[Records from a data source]
------------------------------------------------

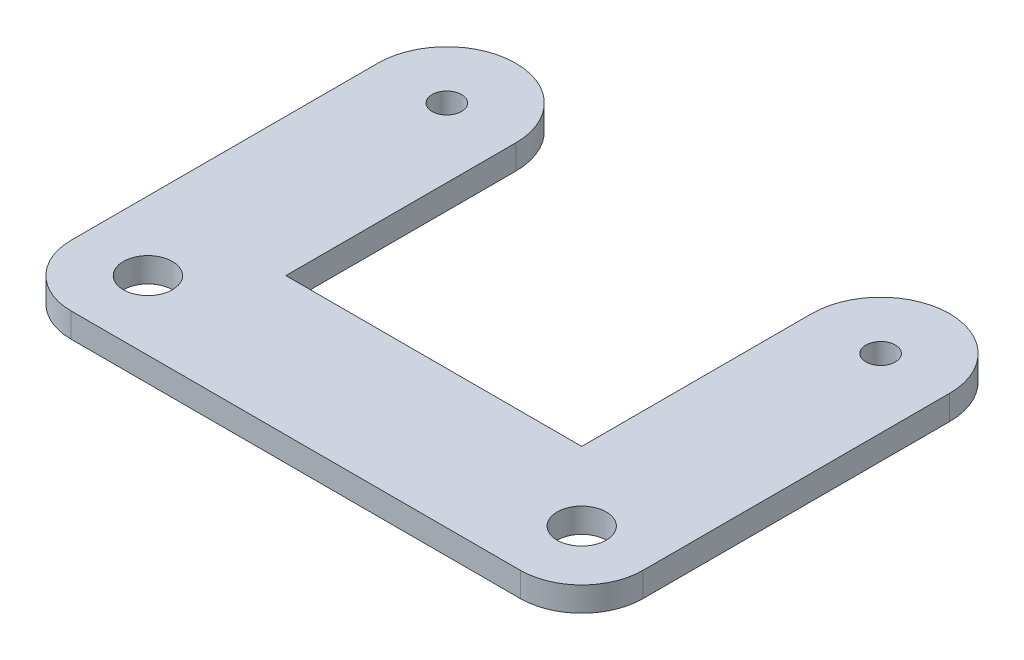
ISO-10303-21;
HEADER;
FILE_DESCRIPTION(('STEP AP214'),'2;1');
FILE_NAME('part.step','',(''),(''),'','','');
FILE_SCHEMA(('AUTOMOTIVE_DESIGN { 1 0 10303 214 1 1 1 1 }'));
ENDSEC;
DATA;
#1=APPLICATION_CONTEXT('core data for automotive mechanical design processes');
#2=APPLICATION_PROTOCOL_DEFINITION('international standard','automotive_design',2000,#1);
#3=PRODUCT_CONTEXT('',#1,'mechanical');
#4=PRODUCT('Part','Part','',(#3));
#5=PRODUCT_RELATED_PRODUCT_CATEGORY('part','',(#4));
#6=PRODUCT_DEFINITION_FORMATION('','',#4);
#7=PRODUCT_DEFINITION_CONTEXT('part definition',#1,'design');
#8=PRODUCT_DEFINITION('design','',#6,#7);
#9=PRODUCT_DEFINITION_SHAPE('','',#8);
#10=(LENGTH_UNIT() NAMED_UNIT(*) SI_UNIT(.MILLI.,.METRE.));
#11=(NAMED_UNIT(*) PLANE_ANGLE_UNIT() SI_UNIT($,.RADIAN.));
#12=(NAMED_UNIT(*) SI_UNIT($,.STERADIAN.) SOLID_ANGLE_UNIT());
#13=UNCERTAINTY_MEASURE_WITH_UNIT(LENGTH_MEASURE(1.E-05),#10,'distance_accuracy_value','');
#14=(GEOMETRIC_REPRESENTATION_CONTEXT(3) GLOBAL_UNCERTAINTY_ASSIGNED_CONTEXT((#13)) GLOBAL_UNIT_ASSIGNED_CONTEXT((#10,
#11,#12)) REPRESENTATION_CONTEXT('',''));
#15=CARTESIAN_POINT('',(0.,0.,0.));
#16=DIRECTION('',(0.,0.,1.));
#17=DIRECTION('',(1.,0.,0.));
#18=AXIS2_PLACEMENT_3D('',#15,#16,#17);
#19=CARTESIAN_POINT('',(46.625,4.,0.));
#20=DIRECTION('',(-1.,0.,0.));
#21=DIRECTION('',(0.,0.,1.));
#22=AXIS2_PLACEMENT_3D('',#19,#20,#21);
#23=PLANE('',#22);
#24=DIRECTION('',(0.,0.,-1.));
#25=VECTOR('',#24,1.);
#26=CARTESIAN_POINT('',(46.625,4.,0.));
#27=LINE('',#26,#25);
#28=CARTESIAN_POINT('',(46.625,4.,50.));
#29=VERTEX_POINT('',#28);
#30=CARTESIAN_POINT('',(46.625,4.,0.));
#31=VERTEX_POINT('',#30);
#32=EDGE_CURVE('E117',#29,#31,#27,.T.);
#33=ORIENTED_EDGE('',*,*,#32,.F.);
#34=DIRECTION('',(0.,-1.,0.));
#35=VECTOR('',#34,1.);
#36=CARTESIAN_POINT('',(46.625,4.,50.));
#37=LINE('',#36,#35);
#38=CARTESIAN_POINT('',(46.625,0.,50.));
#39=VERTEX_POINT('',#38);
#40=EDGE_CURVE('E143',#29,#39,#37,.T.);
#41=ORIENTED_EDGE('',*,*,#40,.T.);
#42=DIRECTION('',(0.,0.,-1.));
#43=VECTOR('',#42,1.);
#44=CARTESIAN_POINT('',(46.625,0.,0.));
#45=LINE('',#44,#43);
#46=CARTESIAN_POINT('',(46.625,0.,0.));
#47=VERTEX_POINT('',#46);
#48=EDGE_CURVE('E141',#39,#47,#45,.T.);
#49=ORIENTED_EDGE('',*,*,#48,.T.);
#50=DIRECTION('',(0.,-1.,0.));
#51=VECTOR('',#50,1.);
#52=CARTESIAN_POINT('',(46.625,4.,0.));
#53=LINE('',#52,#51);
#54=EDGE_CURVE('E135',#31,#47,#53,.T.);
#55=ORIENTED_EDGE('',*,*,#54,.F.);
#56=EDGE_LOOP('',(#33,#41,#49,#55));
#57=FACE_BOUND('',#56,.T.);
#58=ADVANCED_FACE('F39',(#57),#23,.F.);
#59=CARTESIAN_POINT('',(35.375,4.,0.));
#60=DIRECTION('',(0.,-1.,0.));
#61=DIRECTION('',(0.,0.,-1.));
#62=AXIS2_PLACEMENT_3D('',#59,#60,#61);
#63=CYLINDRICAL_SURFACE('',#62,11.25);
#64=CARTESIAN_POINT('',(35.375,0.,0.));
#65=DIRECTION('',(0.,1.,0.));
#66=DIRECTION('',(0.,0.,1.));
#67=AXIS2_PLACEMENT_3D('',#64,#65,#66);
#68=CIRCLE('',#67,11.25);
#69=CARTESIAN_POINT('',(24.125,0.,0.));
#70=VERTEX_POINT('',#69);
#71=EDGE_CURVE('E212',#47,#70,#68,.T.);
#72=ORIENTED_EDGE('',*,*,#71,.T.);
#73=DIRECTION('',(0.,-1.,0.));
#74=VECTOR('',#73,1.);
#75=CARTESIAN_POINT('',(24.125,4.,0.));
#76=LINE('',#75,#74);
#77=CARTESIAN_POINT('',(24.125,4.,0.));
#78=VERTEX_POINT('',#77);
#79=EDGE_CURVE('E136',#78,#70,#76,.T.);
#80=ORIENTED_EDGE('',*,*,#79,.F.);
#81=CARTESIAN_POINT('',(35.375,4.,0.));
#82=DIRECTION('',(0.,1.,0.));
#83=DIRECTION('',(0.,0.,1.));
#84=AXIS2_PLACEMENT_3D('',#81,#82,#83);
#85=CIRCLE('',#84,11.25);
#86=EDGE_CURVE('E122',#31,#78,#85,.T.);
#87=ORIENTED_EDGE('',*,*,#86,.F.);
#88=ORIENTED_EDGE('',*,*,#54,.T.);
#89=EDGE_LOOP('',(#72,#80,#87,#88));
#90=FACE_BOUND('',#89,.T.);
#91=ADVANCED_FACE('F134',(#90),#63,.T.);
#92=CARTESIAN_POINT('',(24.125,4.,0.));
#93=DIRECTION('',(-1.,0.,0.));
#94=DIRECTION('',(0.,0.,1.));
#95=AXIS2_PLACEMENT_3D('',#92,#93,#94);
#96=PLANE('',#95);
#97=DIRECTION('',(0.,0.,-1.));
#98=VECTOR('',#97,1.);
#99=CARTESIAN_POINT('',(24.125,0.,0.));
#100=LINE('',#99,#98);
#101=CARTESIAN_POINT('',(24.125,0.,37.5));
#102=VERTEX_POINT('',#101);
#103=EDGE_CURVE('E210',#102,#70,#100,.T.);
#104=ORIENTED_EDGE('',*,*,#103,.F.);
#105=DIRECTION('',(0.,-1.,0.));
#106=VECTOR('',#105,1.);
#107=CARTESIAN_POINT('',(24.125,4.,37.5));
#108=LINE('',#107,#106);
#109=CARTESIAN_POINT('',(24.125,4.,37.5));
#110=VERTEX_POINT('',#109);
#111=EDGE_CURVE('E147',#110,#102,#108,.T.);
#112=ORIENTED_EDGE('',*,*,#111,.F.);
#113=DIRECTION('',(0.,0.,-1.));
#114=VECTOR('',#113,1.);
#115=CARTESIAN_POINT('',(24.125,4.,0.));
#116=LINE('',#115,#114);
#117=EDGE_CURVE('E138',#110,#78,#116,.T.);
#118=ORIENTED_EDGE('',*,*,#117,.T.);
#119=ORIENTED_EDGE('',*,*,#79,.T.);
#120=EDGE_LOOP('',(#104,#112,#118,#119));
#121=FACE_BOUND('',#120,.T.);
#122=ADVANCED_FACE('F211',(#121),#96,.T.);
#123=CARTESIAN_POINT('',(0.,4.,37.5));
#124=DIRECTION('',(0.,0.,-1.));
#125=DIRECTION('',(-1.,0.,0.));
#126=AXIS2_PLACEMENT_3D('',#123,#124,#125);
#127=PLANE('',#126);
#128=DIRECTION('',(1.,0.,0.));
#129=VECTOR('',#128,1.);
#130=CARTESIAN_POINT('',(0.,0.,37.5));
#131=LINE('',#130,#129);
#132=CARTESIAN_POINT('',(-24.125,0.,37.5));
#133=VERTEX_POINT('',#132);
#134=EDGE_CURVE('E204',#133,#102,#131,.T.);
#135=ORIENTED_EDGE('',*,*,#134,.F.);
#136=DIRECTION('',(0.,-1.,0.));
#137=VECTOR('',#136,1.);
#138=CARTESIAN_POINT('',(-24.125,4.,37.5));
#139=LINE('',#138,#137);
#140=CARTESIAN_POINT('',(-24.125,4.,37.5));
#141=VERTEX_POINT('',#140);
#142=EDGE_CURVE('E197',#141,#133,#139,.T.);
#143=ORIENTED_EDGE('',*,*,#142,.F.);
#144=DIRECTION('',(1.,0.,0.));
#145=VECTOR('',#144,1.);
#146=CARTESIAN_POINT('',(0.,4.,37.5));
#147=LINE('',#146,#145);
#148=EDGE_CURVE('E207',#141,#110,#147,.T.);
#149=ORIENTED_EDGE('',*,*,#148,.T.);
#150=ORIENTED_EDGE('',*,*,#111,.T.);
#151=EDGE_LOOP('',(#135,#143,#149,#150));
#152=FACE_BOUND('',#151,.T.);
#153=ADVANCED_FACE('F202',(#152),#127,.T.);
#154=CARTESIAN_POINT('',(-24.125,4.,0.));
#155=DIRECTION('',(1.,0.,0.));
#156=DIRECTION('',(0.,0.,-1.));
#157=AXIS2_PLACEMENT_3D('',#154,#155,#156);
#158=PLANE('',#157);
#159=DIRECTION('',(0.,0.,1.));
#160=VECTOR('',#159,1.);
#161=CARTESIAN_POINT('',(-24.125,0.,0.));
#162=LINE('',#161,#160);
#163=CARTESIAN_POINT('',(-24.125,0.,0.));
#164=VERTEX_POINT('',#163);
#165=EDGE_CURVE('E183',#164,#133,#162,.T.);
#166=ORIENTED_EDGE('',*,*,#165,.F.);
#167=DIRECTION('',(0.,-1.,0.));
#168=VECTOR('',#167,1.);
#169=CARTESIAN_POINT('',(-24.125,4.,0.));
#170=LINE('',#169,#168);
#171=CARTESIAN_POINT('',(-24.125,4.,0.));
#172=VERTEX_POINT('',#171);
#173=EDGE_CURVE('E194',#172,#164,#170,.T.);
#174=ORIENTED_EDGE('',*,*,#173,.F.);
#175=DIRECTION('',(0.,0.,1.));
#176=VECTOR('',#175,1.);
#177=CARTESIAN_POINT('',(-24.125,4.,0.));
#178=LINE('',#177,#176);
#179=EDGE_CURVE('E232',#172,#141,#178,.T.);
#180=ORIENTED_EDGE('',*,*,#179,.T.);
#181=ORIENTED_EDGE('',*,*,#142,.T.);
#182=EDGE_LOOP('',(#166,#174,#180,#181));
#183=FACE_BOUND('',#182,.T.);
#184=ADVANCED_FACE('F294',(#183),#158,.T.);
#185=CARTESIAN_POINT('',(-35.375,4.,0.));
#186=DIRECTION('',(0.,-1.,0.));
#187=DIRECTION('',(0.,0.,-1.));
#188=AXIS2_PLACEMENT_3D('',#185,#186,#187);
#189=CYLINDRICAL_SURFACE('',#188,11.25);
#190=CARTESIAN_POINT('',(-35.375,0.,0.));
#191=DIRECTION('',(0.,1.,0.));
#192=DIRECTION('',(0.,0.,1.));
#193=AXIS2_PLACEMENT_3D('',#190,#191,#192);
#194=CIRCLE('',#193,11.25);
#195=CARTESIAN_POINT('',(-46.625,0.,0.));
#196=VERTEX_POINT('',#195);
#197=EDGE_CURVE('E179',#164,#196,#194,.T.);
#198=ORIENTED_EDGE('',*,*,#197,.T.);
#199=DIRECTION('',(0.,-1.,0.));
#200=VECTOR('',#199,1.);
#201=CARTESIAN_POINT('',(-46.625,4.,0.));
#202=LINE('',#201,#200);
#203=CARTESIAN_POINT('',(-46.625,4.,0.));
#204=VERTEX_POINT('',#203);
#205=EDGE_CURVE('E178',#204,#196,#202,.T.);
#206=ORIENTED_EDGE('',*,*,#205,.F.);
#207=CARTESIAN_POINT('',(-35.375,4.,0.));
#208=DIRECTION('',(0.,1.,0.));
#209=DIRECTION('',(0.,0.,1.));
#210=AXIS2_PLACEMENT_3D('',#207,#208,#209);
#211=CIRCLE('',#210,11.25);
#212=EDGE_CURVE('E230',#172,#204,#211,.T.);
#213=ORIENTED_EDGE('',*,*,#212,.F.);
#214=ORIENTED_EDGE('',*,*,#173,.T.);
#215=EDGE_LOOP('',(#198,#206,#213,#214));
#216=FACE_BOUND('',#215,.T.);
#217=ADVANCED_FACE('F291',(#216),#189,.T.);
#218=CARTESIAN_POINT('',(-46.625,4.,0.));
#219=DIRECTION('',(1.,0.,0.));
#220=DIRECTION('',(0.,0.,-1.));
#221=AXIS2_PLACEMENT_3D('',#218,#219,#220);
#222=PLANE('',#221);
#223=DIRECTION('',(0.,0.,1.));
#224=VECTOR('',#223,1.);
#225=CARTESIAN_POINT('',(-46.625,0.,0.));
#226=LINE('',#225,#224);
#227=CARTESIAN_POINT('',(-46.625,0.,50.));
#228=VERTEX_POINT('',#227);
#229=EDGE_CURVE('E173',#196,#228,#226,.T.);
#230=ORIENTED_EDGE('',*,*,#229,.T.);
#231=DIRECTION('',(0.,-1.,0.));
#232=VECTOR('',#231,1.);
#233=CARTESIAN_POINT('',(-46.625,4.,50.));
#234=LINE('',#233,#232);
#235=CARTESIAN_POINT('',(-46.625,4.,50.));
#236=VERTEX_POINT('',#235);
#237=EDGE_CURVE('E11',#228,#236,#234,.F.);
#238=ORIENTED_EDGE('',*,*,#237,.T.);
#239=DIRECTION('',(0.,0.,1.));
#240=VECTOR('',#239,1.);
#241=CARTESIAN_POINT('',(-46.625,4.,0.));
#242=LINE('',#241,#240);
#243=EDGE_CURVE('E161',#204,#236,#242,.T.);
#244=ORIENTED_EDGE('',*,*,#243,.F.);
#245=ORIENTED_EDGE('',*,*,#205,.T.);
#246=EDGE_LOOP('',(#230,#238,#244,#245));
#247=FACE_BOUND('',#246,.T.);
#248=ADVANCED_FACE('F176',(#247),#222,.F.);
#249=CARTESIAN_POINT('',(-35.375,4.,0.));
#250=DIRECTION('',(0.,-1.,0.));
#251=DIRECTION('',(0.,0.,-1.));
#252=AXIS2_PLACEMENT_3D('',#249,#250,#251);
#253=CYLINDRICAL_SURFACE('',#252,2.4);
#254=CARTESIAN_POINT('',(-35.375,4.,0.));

------------------------------------------------

- [TO DO]
Each line of the entries holding the string "CIRCLE" should be found and copied.

- [RESPONSE AREA]
#68=CIRCLE('',#67,11.25);
#85=CIRCLE('',#84,11.25);
#194=CIRCLE('',#193,11.25);
#211=CIRCLE('',#210,11.25);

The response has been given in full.